A method for calculating a cyclic redundancy code CRC, characterized in that it is executed in cache memory (11) of a processor (10), for performing a block calculation (b) of the cyclic redundancy code. CRC of a sequence (B) of bits, and in that it comprises a division of a calculation register (R) of said CRC code into several slices (RI, R2, R3), at least three slices, and a precharging (100) in said cache memory (11) of precalculation tables (TLU1, TLU2, TLU3), a table for each corresponding slice of the register, addressed by a pointer (p1, p2, p3) of the same length as said slice, and the number of slots and their respective lengths being determined according to the cache size of the processor, at least two slots having a length between 8 and 16 bits, excluding terminals.

The method according to claim 1, wherein the sequence (B) is processed in 32-bit blocks, to calculate a 32-bit CRC code, characterized in that said current register (R) is divided into three slices, two slices ( RI, R3) of 11 bits and a slice (R2) of 10 bits, in any order.

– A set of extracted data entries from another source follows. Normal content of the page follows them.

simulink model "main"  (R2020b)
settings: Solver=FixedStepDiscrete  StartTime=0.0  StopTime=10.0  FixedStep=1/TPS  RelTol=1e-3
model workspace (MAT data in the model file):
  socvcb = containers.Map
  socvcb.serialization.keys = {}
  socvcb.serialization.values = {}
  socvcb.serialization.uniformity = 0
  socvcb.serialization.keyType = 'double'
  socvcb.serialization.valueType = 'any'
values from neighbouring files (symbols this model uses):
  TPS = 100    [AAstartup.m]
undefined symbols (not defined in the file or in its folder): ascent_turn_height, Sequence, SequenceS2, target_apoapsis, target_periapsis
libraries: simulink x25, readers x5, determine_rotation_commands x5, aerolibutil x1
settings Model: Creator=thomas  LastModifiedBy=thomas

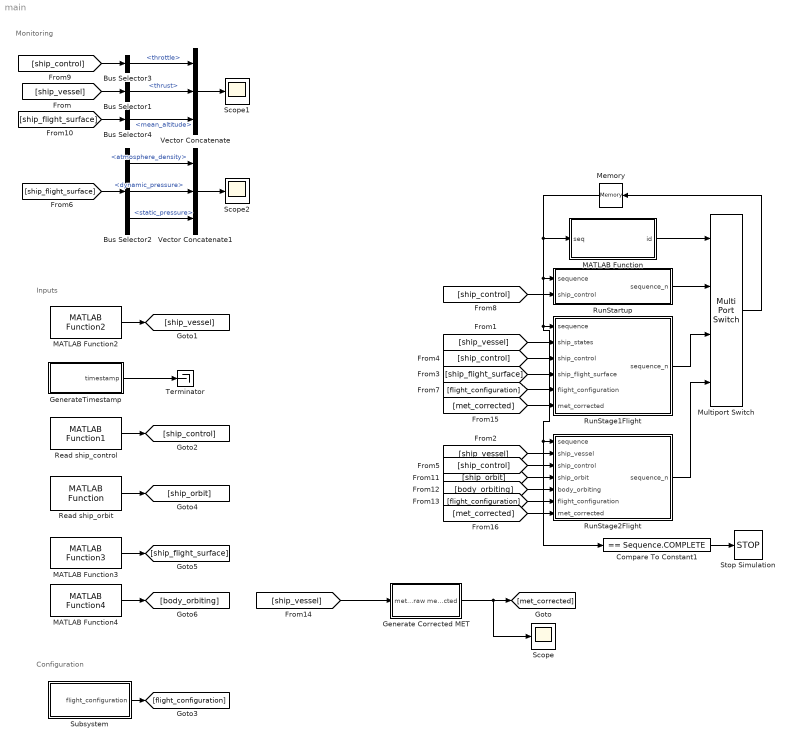
== system main ==
  note: Inputs
  note: Monitoring
  note: Configuration
  Bus Selector1 : BusSelector  OutputSignals=thrust
  Bus Selector2 : BusSelector  OutputSignals=atmosphere_density,dynamic_pressure,static_pressure
  Bus Selector3 : BusSelector  OutputSignals=throttle
  Bus Selector4 : BusSelector  OutputSignals=mean_altitude
  Compare To Constant1 : simulink/Logic and Bit Operations/Compare To Constant  relop===  const=Sequence.COMPLETE  OutDataTypeStr=boolean
  Generate Corrected MET : Subsystem
  GenerateTimestamp : Subsystem
  MATLAB Function : MATLAB Function  TreatAsAtomicUnit=on
  MATLAB Function2 : readers/MATLAB Function2  SystemSampleTime=-1  VariantActivationTime=update diagram  Latency=0  AutoFrameSizeCalculation=off
  MATLAB Function3 : readers/MATLAB Function3  SystemSampleTime=-1  VariantActivationTime=update diagram  Latency=0  AutoFrameSizeCalculation=off
  MATLAB Function4 : readers/MATLAB Function4  SystemSampleTime=-1  VariantActivationTime=update diagram  Latency=0  AutoFrameSizeCalculation=off
  Memory : Memory  InitialCondition=Sequence.STARTUP
  Multiport Switch : MultiPortSwitch
  Read ship_control : readers/MATLAB Function1  SystemSampleTime=-1  VariantActivationTime=update diagram  Latency=0  AutoFrameSizeCalculation=off
  Read ship_orbit : readers/MATLAB Function  SystemSampleTime=-1  VariantActivationTime=update diagram  Latency=0  AutoFrameSizeCalculation=off
  RunStage1Flight : Subsystem
  RunStage2Flight : Subsystem
  RunStartup : Subsystem
  Scope : Scope
  Scope1 : Scope
  Scope2 : Scope
  Stop Simulation : Stop
  Subsystem : Subsystem
  Terminator : Terminator
  Vector Concatenate : Concatenate  NumInputs=3
  Vector Concatenate1 : Concatenate  NumInputs=3
  wires:
  Memory/1 -> Compare To Constant1/1, RunStage2Flight/1(sequence), RunStage1Flight/1(sequence), RunStartup/1(sequence), MATLAB Function/1(seq)
  Compare To Constant1/1 -> Stop Simulation/1
  Multiport Switch/1 -> Memory/1
  RunStartup/1(sequence_n) -> Multiport Switch/2
  RunStage1Flight/1(sequence_n) -> Multiport Switch/3
  MATLAB Function/1(id) -> Multiport Switch/1
  RunStage2Flight/1(sequence_n) -> Multiport Switch/4
  Bus Selector1/1 -> Vector Concatenate/2  "<thrust>"
  Vector Concatenate/1 -> Scope1/1
  Read ship_control/1 -> [ship_control]
  MATLAB Function2/1 -> [ship_vessel]
  [ship_vessel] -> Bus Selector1/1
  [ship_control] -> RunStartup/2(ship_control)
  [ship_vessel] -> RunStage1Flight/2(ship_states)
  [ship_control] -> RunStage1Flight/3(ship_control)
  [ship_control] -> RunStage2Flight/3(ship_control)
  [ship_flight_surface] -> Bus Selector2/1
  Vector Concatenate1/1 -> Scope2/1
  Bus Selector2/1 -> Vector Concatenate1/1  "<atmosphere_density>"
  Bus Selector2/3 -> Vector Concatenate1/3  "<static_pressure>"
  Bus Selector2/2 -> Vector Concatenate1/2  "<dynamic_pressure>"
  Subsystem/1(flight_configuration) -> [flight_configuration]
  [flight_configuration] -> RunStage1Flight/5(flight_configuration)
  Read ship_orbit/1 -> [ship_orbit]
  [ship_vessel] -> RunStage2Flight/2(ship_vessel)
  MATLAB Function3/1 -> [ship_flight_surface]
  [ship_flight_surface] -> RunStage1Flight/4(ship_flight_surface)
  [ship_control] -> Bus Selector3/1
  [ship_flight_surface] -> Bus Selector4/1
  Bus Selector3/1 -> Vector Concatenate/1  "<throttle>"
  Bus Selector4/1 -> Vector Concatenate/3  "<mean_altitude>"
  [ship_orbit] -> RunStage2Flight/4(ship_orbit)
  MATLAB Function4/1 -> [body_orbiting]
  [body_orbiting] -> RunStage2Flight/5(body_orbiting)
  [flight_configuration] -> RunStage2Flight/6(flight_configuration)
  GenerateTimestamp/1(timestamp) -> Terminator/1
  [ship_vessel] -> Generate Corrected MET/1(met_raw)
  Generate Corrected MET/1(met_corrected) -> Scope/1, [met_corrected]
  [met_corrected] -> RunStage1Flight/6(met_corrected)
  [met_corrected] -> RunStage2Flight/7(met_corrected)

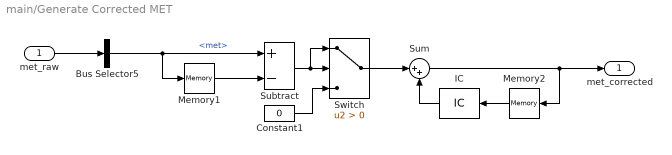
== system main/Generate Corrected MET ==
  met_raw : Inport
  Bus Selector5 : BusSelector  OutputSignals=met
  Constant1 : Constant  Value=0
  IC : InitialCondition  Value=0
  Memory1 : Memory
  Memory2 : Memory
  Subtract : Sum  Inputs=+-
  Sum : Sum  Inputs=|++
  Switch : Switch  Criteria=u2 > Threshold
  met_corrected : Outport
  wires:
  Switch/1 -> Sum/1
  met_raw/1 -> Bus Selector5/1
  Sum/1 -> met_corrected/1, Memory2/1
  IC/1 -> Sum/2
  Constant1/1 -> Switch/3
  Subtract/1 -> Switch/1, Switch/2
  Bus Selector5/1 -> Memory1/1, Subtract/1  "<met>"
  Memory1/1 -> Subtract/2
  Memory2/1 -> IC/1

== system main/GenerateTimestamp ==
  Constant1 : Constant
  Memory : Memory
  Sum : Sum
  timestamp : Outport
  wires:
  Constant1/1 -> Sum/1
  Memory/1 -> Sum/2
  Sum/1 -> Memory/1, timestamp/1

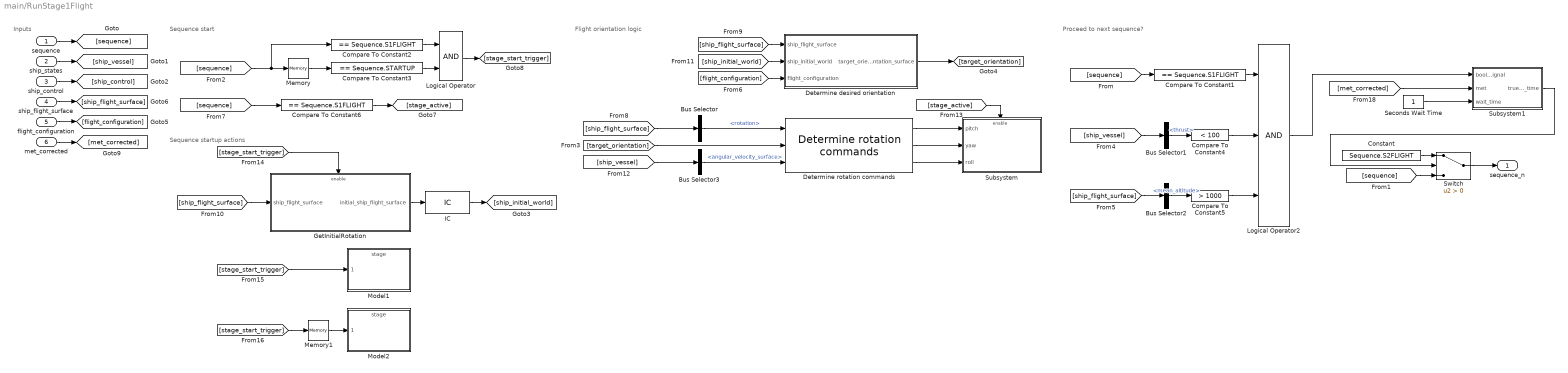
== system main/RunStage1Flight ==
  note: Flight orientation logic
  note: Sequence startup actions
  note: Sequence start
  note: Inputs
  note: Proceed to next sequence?
  sequence : Inport  OutDataTypeStr=Enum: Sequence
  ship_states : Inport  Port=2  OutDataTypeStr=Bus: ShipVessel
  ship_control : Inport  Port=3  OutDataTypeStr=Bus: ShipControl
  ship_flight_surface : Inport  Port=4  OutDataTypeStr=Bus: ShipFlight
  flight_configuration : Inport  Port=5  OutDataTypeStr=Bus: FlightConfig
  met_corrected : Inport  Port=6
  Bus Selector : BusSelector  OutputSignals=rotation
  Bus Selector1 : BusSelector  OutputSignals=thrust
  Bus Selector2 : BusSelector  OutputSignals=mean_altitude
  Bus Selector3 : BusSelector  OutputSignals=angular_velocity_surface
  Compare To Constant1 : simulink/Logic and Bit Operations/Compare To Constant  relop===  const=Sequence.S1FLIGHT  OutDataTypeStr=boolean
  Compare To Constant2 : simulink/Logic and Bit Operations/Compare To Constant  relop===  const=Sequence.S1FLIGHT  OutDataTypeStr=boolean
  Compare To Constant3 : simulink/Logic and Bit Operations/Compare To Constant  relop===  const=Sequence.STARTUP  OutDataTypeStr=boolean
  Compare To Constant4 : simulink/Logic and Bit Operations/Compare To Constant  relop=<  const=100  OutDataTypeStr=boolean
  Compare To Constant5 : simulink/Logic and Bit Operations/Compare To Constant  relop=>  const=1000  OutDataTypeStr=boolean
  Compare To Constant6 : simulink/Logic and Bit Operations/Compare To Constant  relop===  const=Sequence.S1FLIGHT  OutDataTypeStr=boolean
  Constant : Constant  Value=Sequence.S2FLIGHT
  Determine desired orientation : Subsystem
  Determine rotation commands : determine_rotation_commands/Determine rotation commands  PID_P=10
  GetInitialRotation : Subsystem
  IC : InitialCondition  Value=[1,0,0,0]
  Logical Operator : Logic  AllPortsSameDT=off  OutDataTypeStr=boolean
  Logical Operator2 : Logic  Inputs=3  AllPortsSameDT=off  OutDataTypeStr=boolean
  Memory : Memory  InitialCondition=Sequence.STARTUP
  Memory1 : Memory  InitialCondition=false
  Model1 : ModelReference  ModelNameDialog=stage.slx  SimulationMode=Normal  ModelReferenceVersion=1.23
  Model2 : ModelReference  ModelNameDialog=stage.slx  SimulationMode=Normal  ModelReferenceVersion=1.23
  Seconds Wait Time : Constant
  Subsystem : Subsystem
  Subsystem1 : Subsystem
  Switch : Switch  Criteria=u2 > Threshold
  sequence_n : Outport  OutDataTypeStr=Enum: Sequence
  wires:
  ship_states/1 -> [ship_vessel]
  Compare To Constant1/1 -> Logical Operator2/1
  [sequence] -> Switch/3
  [sequence] -> Compare To Constant1/1
  sequence/1 -> [sequence]
  Constant/1 -> Switch/1
  Switch/1 -> sequence_n/1
  [sequence] -> Compare To Constant2/1, Memory/1
  Memory/1 -> Compare To Constant3/1
  Compare To Constant3/1 -> Logical Operator/2
  Compare To Constant2/1 -> Logical Operator/1
  Memory1/1 -> Model2/1
  [ship_vessel] -> Bus Selector1/1
  Compare To Constant4/1 -> Logical Operator2/2
  Bus Selector1/1 -> Compare To Constant4/1  "<thrust>"
  Bus Selector2/1 -> Compare To Constant5/1  "<mean_altitude>"
  [ship_flight_surface] -> Bus Selector2/1
  Compare To Constant5/1 -> Logical Operator2/3
  Subsystem1/1(true_for_time) -> Switch/2
  ship_control/1 -> [ship_control]
  GetInitialRotation/1(initial_ship_flight_surface) -> IC/1
  [ship_flight_surface] -> Bus Selector/1
  [ship_vessel] -> Bus Selector3/1
  Bus Selector3/1 -> Determine rotation commands/3  "<angular_velocity_surface>"
  [ship_flight_surface] -> Determine desired orientation/1(ship_flight_surface)
  [ship_initial_world] -> Determine desired orientation/2(ship_initial_world)
  flight_configuration/1 -> [flight_configuration]
  [flight_configuration] -> Determine desired orientation/3(flight_configuration)
  [ship_flight_surface] -> GetInitialRotation/1(ship_flight_surface)
  ship_flight_surface/1 -> [ship_flight_surface]
  Determine desired orientation/1(target_orientation_surface) -> [target_orientation]
  Bus Selector/1 -> Determine rotation commands/1  "<rotation>"
  [target_orientation] -> Determine rotation commands/2
  Determine rotation commands/1 -> Subsystem/1(pitch)
  Determine rotation commands/2 -> Subsystem/2(yaw)
  Determine rotation commands/3 -> Subsystem/3(roll)
  [sequence] -> Compare To Constant6/1
  Compare To Constant6/1 -> [stage_active]
  [stage_active] -> Subsystem/Enable
  Logical Operator/1 -> [stage_start_trigger]
  [stage_start_trigger] -> GetInitialRotation/Enable
  [stage_start_trigger] -> Model1/1
  [stage_start_trigger] -> Memory1/1
  IC/1 -> [ship_initial_world]
  [met_corrected] -> Subsystem1/2(met)
  Seconds Wait Time/1 -> Subsystem1/3(wait_time)
  Logical Operator2/1 -> Subsystem1/1(boolean_signal)
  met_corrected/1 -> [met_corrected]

3. Method according to claim 1 or 2, implemented in a processor of the multiple thread type, characterized in that the accesses to the tables associated with the slices are made in parallel.

The method according to one of the preceding claims, wherein said cache memory (11) is a first-level cache cache instruction and separate data cache, the instructions corresponding to the calculation of the code being cached instruction and the tables of computation locked in data cache.

5. Method according to one of the preceding claims, characterized in that it is implemented in a verification phase (POST) triggered by powering up the processor, to check the integrity of a transferred application program ( 101) in RAM RAM at said power-on.